I know for a fact that MDF IS porous, I mean not to waht we are doing with it, but back in the day when I was making Pre-fab boxes for Orion, we had a CNC we used to cut the baffels, and it used a rather large vacuum pump to hold parts to the table... You could lay a piece of paper on the MDF and watch it get sucked down, THROUGH the MDF. 

But like you said music is not a slow process, otherwise EVERYONE would have a AP enclosure...


----------



## Mr Marv (Aug 19, 2005)

Sorry I can't be more helpful but some days I read sh!t that just makes my brain hurt and then I can't form a coherent sentence.


----------



## 60ndown (Feb 8, 2007)

Mr Marv said:


> Sorry I can't be more helpful but some days I read sh!t that just makes my brain hurt and then I can't form a coherent sentence.


lol..


----------



## Oliver (Jun 25, 2007)

Some want to leave nothing to chance...

For example, me 










I sealed the MDF with polyurethane, then coated it with undercoating.

Will i notice standing wave with 10 ft, 20 ft, ...40 ft long notes, NO, is that what i was addressing, No.

Will the wood last longer enclosed in plastic, YES.

Will it resonate less with all this material covering it, MAYBE

Try bouncing a ball on a hard surface, now a carpet...


----------



## XC-C30 (Jul 24, 2007)

a$$hole said:


> Try bouncing a ball on a hard surface, now a carpet...


Sorry.... it bounces back

Now if you'd have said a pillow or something, or a blanket that's folded a couple of times.....


----------



## WRX/Z28 (Feb 21, 2008)

I fiberglassed the inside of my enclosure. I figured A: we had some extra from a fiberglass box we were making. B: what could it hurt and C: my enclosure would be perfectly sealed, including the terminal cup, which is notorious for leaking.


----------



## BlackSapphire (Apr 16, 2008)

WRX/Z28 said:


> I fiberglassed the inside of my enclosure. I figured A: we had some extra from a fiberglass box we were making. B: what could it hurt and C: my enclosure would be perfectly sealed, including the terminal cup, which is notorious for leaking.


That is the main reason I coat the inside of my boxes as well. It's more to seal it than anything.

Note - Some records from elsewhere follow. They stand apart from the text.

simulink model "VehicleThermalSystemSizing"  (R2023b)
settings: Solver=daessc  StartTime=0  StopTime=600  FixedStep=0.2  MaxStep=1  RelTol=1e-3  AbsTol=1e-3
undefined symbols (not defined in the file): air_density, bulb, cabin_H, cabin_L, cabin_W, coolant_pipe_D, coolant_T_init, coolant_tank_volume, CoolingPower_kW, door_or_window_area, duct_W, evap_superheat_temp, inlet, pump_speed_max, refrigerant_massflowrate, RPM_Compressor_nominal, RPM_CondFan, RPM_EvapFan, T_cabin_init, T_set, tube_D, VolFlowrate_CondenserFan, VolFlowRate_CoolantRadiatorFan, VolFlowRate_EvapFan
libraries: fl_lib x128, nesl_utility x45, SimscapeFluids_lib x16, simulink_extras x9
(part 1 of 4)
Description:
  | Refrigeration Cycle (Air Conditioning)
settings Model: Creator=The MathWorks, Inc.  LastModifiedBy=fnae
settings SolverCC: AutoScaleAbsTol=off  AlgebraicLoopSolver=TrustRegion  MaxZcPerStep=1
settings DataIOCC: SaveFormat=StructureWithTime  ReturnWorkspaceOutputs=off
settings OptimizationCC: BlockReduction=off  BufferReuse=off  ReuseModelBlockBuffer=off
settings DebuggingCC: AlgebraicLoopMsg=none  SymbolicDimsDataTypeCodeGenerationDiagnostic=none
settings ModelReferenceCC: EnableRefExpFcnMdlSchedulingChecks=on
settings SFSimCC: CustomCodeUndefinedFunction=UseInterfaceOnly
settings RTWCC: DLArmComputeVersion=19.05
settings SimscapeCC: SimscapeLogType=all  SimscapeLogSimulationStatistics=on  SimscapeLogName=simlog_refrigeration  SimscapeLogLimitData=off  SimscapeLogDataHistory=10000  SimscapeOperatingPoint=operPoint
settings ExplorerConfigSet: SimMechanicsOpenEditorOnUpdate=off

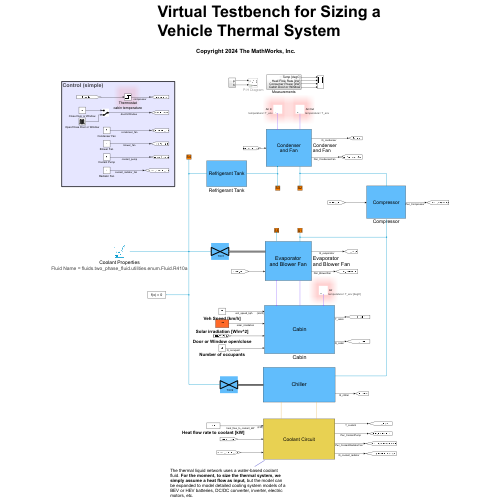
[thumbnail: Simulink's stored preview of the top-level diagram]
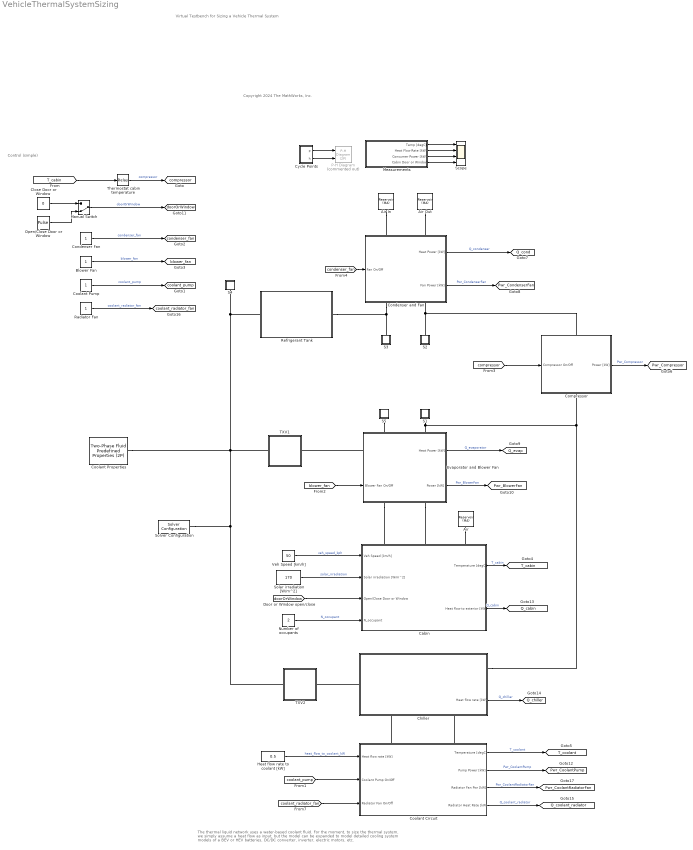
== system VehicleThermalSystemSizing ==
  note: The thermal liquid network uses a water-based coolant fluid. For the moment, to size the thermal system, we simply assume a heat flow as input, but the model can be expanded to model detailed cooling system models of a BEV or HEV batteries, DC/DC converter, inverter, electric motors, etc.
  note: Control (simple)
  note: Virtual Testbench for Sizing a Vehicle Thermal System
  note: Copyright 2024 The MathWorks, Inc.
  Air : fl_lib/Moist Air/Elements/Reservoir (MA)  pressure_spec=foundation.enum.pressure_spec.specified  reservoir_pressure=0.101325 MPa  temperature_spec=foundation.enum.temperature_spec.specified  reservoir_temperature=T_env degC  moisture_spec=foundation.enum.moisture_spec.relative_humidity  reservoir_RH=0.5  reservoir_x_w=0.01  reservoir_y_w=0.01  reservoir_HR=0.01  reservoir_Tw=287 K  trace_gas_spec=foundation.enum.trace_gas_spec.mole_fraction  reservoir_x_g=0.001  reservoir_y_g=0  RH_ws=1  area_A=duct_W^2 m^2
      settings: AttributesFormatString=temperature= %<reservoir_temperature> [%<reservoir_temperature_unit>]
  Air In : fl_lib/Moist Air/Elements/Reservoir (MA)  pressure_spec=foundation.enum.pressure_spec.specified  reservoir_pressure=0.101325 MPa  temperature_spec=foundation.enum.temperature_spec.specified  reservoir_temperature=T_env degC  moisture_spec=foundation.enum.moisture_spec.relative_humidity  reservoir_RH=0.5  reservoir_x_w=0.01  reservoir_y_w=0.01  reservoir_HR=0.01  reservoir_Tw=287 K  trace_gas_spec=foundation.enum.trace_gas_spec.mole_fraction  reservoir_x_g=0.001  reservoir_y_g=0  RH_ws=1  area_A=duct_W^2 m^2
      settings: AttributesFormatString=temperature= %<reservoir_temperature>
  Air Out : fl_lib/Moist Air/Elements/Reservoir (MA)  pressure_spec=foundation.enum.pressure_spec.specified  reservoir_pressure=0.101325 MPa  temperature_spec=foundation.enum.temperature_spec.specified  reservoir_temperature=T_env degC  moisture_spec=foundation.enum.moisture_spec.relative_humidity  reservoir_RH=0.5  reservoir_x_w=0.01  reservoir_y_w=0.01  reservoir_HR=0.01  reservoir_Tw=287 K  trace_gas_spec=foundation.enum.trace_gas_spec.mole_fraction  reservoir_x_g=0.001  reservoir_y_g=0  RH_ws=1  area_A=duct_W^2 m^2
      settings: AttributesFormatString=temperature= %<reservoir_temperature>
  Blower Fan : Constant  SampleTime=1
  Cabin : Subsystem
      settings: PortSchema="{\"entries\":[{\"content\":{\"sides\":[{\"content\":{\"connectorIds\":[\"In1\",\"In2\",\"In3\",\"In4\"]},\"type\":\"ConnectorPlacement.EquallySpacedRectSide\",\"uuid\":\"5cf57e4f-975f-4b0b-a8e8-bf86758a11fa\"},{\"content\":{\"connectorIds\":[\"Out1\",\"Out2\"],\"side\":\"RIGHT\"},\"type\":\"ConnectorPlacement.EquallySpacedRectSide\",\"uuid\":\"7f477a27-3a34-4ed6-85c3-331630c97133\"},{\"content\":{\"connectorIds\":[\"LConn1\",\"LConn2\",\"LConn3\"],\"side\":\"TOP\"},\"type\":\"ConnectorPlacement.EquallySpacedRectSide\",\"uuid\":\"743b5c17-84cf-4a2e-818e-c1a69eb195e5\"}]},\"type\":\"ConnectorPlacement.EquallySpacedConnector\",\"uuid\":\"4a6d6dd0-79df-4460-8879-70a258476fa5\"}],\"packageUris\":[\"http://schema.mathworks.com/mf0/Connector/R2020b\"],\"version\":\"1.0\"}"
      mask Display: disp(get_param(gcb, 'Name'));
  Chiller : Subsystem  Tag=PublishSubsystem
      settings: PortSchema="{\"entries\":[{\"content\":{\"sides\":[{\"content\":{\"connectorIds\":[\"Out1\",\"LConn1\"]},\"type\":\"ConnectorPlacement.EquallySpacedRectSide\",\"uuid\":\"684495fe-43ac-42d2-91f9-c1083f68d635\"},{\"content\":{\"connectorIds\":[\"RConn1\"],\"side\":\"RIGHT\"},\"type\":\"ConnectorPlacement.EquallySpacedRectSide\",\"uuid\":\"acb3d27a-41e1-4bfe-a4d6-36d5666e4ba3\"},{\"content\":{\"connectorIds\":[\"LConn2\",\"LConn3\"],\"side\":\"TOP\"},\"type\":\"ConnectorPlacement.EquallySpacedRectSide\",\"uuid\":\"cdadeb40-472c-4edb-91b8-a2216ea85c99\"},{\"content\":{\"side\":\"BOTTOM\"},\"type\":\"ConnectorPlacement.EquallySpacedRectSide\",\"uuid\":\"46a4312c-e637-44ea-bfb3-e887da9d9904\"}]},\"type\":\"ConnectorPlacement.EquallySpacedConnector\",\"uuid\":\"20e25167-e167-414a-8c66-12b35ae5ef5e\"}],\"packageUris\":[\"http://schema.mathworks.com/mf0/Connector/R2020b\"],\"version\":\"1.0\"}"
      mask Display: disp(get_param(gcb, 'Name'));
  Close Door or Window : Constant  Value=0  SampleTime=1
  Compressor : Subsystem
      settings: PortSchema="{\"entries\":[{\"content\":{\"sides\":[{\"content\":{\"connectorIds\":[\"LConn1\"]},\"type\":\"ConnectorPlacement.EquallySpacedRectSide\",\"uuid\":\"87497da4-7fcd-4c39-9d14-dd80365934db\"},{\"content\":{\"connectorIds\":[\"RConn1\"],\"side\":\"RIGHT\"},\"type\":\"ConnectorPlacement.EquallySpacedRectSide\",\"uuid\":\"c29b3d2b-7130-4a2f-8dcb-58b301edb84d\"},{\"content\":{\"connectorIds\":[\"In1\"],\"side\":\"TOP\"},\"type\":\"ConnectorPlacement.EquallySpacedRectSide\",\"uuid\":\"6b0e1579-3829-4056-a1f0-26424a36bca1\"},{\"content\":{\"connectorIds\":[\"Out1\"],\"side\":\"BOTTOM\"},\"type\":\"ConnectorPlacement.EquallySpacedRectSide\",\"uuid\":\"6b49380d-e724-4e3a-86e0-6bc21724e354\"}]},\"type\":\"ConnectorPlacement.EquallySpacedConnector\",\"uuid\":\"16d6c8a7-8265-44ec-91d1-631bbb83e0af\"}],\"packageUris\":[\"http://schema.mathworks.com/mf0/Connector/R2020b\"],\"version\":\"1.0\"}"
      mask Display: disp(get_param(gcb, 'Name'));
  Condenser and Fan : Subsystem
      settings: PortSchema="{\"entries\":[{\"content\":{\"sides\":[{\"content\":{\"connectorIds\":[\"LConn1\",\"LConn2\"]},\"type\":\"ConnectorPlacement.EquallySpacedRectSide\",\"uuid\":\"94f743b0-016e-4f6c-ba37-cd5c9e5decb1\"},{\"content\":{\"connectorIds\":[\"RConn1\",\"RConn2\"],\"side\":\"RIGHT\"},\"type\":\"ConnectorPlacement.EquallySpacedRectSide\",\"uuid\":\"4e78d493-e8a5-489f-9c9b-6c9134237572\"},{\"content\":{\"connectorIds\":[\"In1\"],\"side\":\"TOP\"},\"type\":\"ConnectorPlacement.EquallySpacedRectSide\",\"uuid\":\"0b95dc75-9fe3-4b9e-8dc0-c99924a5b683\"},{\"content\":{\"connectorIds\":[\"Out1\",\"Out2\"],\"side\":\"BOTTOM\"},\"type\":\"ConnectorPlacement.EquallySpacedRectSide\",\"uuid\":\"eea3e702-1cf4-4504-9501-89c4531d7134\"}]},\"type\":\"ConnectorPlacement.EquallySpacedConnector\",\"uuid\":\"0b0f7158-6d74-402a-9204-25c9a3fd4099\"}],\"packageUris\":[\"http://schema.mathworks.com/mf0/Connector/R2020b\"],\"version\":\"1.0\"}"
      mask Display: disp(get_param(gcb, 'Name'));
  Condenser Fan : Constant  SampleTime=1
  Coolant Circuit : Subsystem
      settings: PortSchema="{\"entries\":[{\"content\":{\"sides\":[{\"content\":{\"connectorIds\":[\"In1\",\"In2\",\"In3\"]},\"type\":\"ConnectorPlacement.EquallySpacedRectSide\",\"uuid\":\"61b3bd2b-efba-48b8-bc1e-7d5fd1f93ea8\"},{\"content\":{\"connectorIds\":[\"Out1\",\"Out2\",\"Out3\",\"Out4\"],\"side\":\"RIGHT\"},\"type\":\"ConnectorPlacement.EquallySpacedRectSide\",\"uuid\":\"116770ca-4665-4fbe-8ef7-14ad65bf6363\"},{\"content\":{\"connectorIds\":[\"LConn1\",\"LConn2\"],\"side\":\"TOP\"},\"type\":\"ConnectorPlacement.EquallySpacedRectSide\",\"uuid\":\"8588f2a2-4124-40f5-9c68-b1b3344e047c\"}]},\"type\":\"ConnectorPlacement.EquallySpacedConnector\",\"uuid\":\"af351b75-e118-4ad1-8604-555a25a7fec0\"}],\"packageUris\":[\"http://schema.mathworks.com/mf0/Connector/R2020b\"],\"version\":\"1.0\"}"
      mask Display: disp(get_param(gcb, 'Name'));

If you don't have large side panels, inadequate bracing, etc., I wouldn't worry about trying to use a mass-loader. Properly braced 3/4" MDF doesn't really flex. Like Beaver said, double the baffle and be done. There's no 
quick fix for improper enclosure construction techniques.


----------



## Attack eagle (Nov 18, 2006)

panel resonance and internal reflectivity can be two different things.
Dynamat isn't going to help much when it is aluminum backed...

I have used UNEVENLY sprayed undercoating inside FG boxes or boxes with parallel face and rear walls to cutdown on reflectivity...
I lot of the turd box subs (kicker especially) people would want installed have poly cones and you can hear the reflections of the backwall thru them.


----------



## Abmolech (Nov 2, 2006)

This is becoming truly sad.
Standing waves require velocity, (basically every quarter length is possible), a suitable angle of incidence and to be in the same space.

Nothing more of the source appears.